- **DATASET CONTENT**
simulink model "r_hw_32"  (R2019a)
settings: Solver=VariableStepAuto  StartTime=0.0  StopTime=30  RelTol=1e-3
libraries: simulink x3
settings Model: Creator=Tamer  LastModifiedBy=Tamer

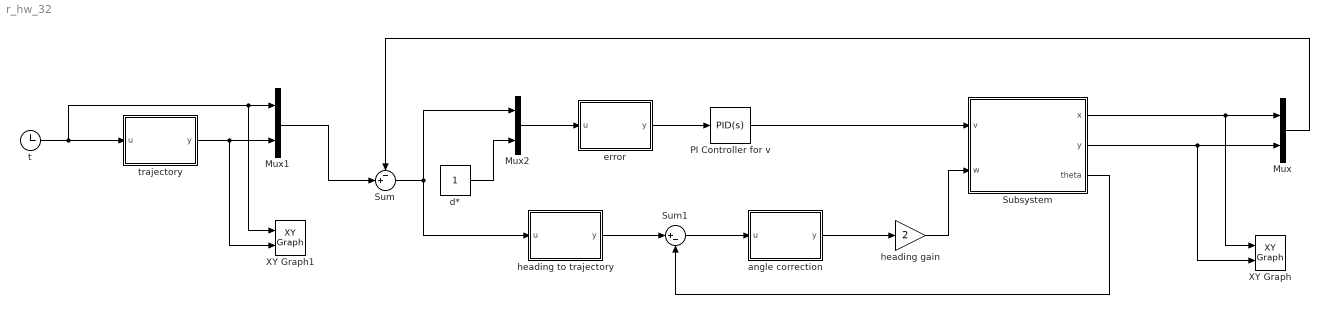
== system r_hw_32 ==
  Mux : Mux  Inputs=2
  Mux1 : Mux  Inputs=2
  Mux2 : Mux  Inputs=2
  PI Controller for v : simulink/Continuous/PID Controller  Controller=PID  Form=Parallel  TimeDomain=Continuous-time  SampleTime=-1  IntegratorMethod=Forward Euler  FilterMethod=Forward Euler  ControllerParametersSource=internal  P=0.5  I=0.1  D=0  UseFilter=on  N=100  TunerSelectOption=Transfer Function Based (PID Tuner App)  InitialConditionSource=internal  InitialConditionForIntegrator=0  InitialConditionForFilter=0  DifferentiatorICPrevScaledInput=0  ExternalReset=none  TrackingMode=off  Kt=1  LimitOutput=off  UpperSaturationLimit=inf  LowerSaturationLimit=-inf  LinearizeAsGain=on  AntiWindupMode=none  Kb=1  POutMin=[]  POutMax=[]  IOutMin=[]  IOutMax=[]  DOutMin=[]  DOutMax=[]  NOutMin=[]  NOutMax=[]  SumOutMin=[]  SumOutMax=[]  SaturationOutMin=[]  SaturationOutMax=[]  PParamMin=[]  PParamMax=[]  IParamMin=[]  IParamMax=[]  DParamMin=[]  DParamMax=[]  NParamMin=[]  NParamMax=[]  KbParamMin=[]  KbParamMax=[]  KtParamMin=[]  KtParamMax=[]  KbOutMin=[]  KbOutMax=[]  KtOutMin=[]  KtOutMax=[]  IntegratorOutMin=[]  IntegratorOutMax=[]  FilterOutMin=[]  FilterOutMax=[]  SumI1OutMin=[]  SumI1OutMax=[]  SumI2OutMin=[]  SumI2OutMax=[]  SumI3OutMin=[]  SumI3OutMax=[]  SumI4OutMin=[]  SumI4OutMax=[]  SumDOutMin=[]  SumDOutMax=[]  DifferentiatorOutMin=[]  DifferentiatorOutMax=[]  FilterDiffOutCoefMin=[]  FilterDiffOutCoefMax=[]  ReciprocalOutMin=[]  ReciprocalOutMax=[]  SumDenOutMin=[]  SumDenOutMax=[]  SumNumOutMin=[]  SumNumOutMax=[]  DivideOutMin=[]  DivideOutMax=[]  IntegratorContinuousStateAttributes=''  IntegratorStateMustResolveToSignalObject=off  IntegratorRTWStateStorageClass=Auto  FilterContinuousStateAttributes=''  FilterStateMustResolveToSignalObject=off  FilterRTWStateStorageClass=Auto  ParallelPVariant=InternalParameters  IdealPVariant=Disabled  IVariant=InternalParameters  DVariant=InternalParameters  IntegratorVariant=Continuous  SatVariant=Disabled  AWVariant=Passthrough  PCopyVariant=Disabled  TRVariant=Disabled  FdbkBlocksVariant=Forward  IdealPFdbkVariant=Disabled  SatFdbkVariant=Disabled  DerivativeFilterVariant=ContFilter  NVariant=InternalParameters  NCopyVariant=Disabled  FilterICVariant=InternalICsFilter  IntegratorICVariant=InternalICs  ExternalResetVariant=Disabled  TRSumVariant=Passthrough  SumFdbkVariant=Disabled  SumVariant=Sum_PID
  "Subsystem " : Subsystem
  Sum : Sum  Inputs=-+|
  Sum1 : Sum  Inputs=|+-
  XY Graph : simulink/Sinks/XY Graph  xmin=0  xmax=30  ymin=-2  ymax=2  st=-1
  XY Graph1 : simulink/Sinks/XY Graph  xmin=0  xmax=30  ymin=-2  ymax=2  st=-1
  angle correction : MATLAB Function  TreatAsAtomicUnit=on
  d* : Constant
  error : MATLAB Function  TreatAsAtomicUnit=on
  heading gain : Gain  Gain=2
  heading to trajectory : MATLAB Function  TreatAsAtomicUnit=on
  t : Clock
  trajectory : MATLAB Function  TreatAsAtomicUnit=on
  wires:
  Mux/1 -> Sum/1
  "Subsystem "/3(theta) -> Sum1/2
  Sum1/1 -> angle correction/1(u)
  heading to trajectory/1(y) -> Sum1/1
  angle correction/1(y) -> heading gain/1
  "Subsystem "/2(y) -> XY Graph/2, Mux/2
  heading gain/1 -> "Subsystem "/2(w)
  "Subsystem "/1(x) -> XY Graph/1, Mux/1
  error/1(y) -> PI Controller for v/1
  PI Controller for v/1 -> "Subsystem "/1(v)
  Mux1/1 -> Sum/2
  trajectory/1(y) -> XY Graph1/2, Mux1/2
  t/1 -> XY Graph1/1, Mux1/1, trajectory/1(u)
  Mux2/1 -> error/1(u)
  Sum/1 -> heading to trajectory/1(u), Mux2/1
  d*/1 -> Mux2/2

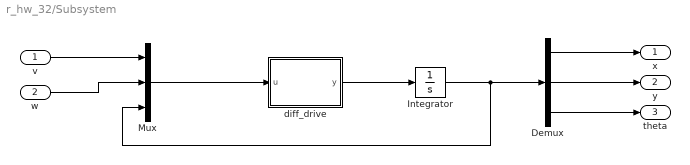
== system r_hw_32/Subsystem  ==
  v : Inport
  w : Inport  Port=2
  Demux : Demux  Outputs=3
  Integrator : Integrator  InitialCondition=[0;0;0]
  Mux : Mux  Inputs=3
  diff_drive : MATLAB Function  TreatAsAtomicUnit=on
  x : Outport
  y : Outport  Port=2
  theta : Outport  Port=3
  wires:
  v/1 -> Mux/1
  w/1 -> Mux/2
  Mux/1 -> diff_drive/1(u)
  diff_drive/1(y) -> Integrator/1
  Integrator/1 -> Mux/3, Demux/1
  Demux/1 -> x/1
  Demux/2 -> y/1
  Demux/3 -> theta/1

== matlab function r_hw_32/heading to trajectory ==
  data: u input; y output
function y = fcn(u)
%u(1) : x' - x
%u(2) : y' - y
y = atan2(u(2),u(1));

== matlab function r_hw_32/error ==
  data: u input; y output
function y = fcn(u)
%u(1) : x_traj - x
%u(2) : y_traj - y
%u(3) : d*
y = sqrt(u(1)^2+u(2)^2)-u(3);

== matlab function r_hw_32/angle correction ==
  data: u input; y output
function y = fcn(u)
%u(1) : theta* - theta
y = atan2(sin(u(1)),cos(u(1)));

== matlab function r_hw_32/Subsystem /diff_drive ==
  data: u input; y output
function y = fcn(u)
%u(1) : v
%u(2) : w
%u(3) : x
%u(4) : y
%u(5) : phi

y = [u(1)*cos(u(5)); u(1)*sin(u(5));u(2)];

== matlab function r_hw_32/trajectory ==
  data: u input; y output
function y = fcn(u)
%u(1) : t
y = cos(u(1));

- **WHAT TO DO**
Repeat, word for word, the lines of the material above from the one holding "XY Graph/1, Mux/1" through the one holding "y = sqrt(u(1)^2+u(2)^2)-u(3);". Leave out pictures.

- **EXPECTED ANSWER**
  "Subsystem "/1(x) -> XY Graph/1, Mux/1
  error/1(y) -> PI Controller for v/1
  PI Controller for v/1 -> "Subsystem "/1(v)
  Mux1/1 -> Sum/2
  trajectory/1(y) -> XY Graph1/2, Mux1/2
  t/1 -> XY Graph1/1, Mux1/1, trajectory/1(u)
  Mux2/1 -> error/1(u)
  Sum/1 -> heading to trajectory/1(u), Mux2/1
  d*/1 -> Mux2/2

== system r_hw_32/Subsystem  ==
  v : Inport
  w : Inport  Port=2
  Demux : Demux  Outputs=3
  Integrator : Integrator  InitialCondition=[0;0;0]
  Mux : Mux  Inputs=3
  diff_drive : MATLAB Function  TreatAsAtomicUnit=on
  x : Outport
  y : Outport  Port=2
  theta : Outport  Port=3
  wires:
  v/1 -> Mux/1
  w/1 -> Mux/2
  Mux/1 -> diff_drive/1(u)
  diff_drive/1(y) -> Integrator/1
  Integrator/1 -> Mux/3, Demux/1
  Demux/1 -> x/1
  Demux/2 -> y/1
  Demux/3 -> theta/1

== matlab function r_hw_32/heading to trajectory ==
  data: u input; y output
function y = fcn(u)
%u(1) : x' - x
%u(2) : y' - y
y = atan2(u(2),u(1));

== matlab function r_hw_32/error ==
  data: u input; y output
function y = fcn(u)
%u(1) : x_traj - x
%u(2) : y_traj - y
%u(3) : d*
y = sqrt(u(1)^2+u(2)^2)-u(3);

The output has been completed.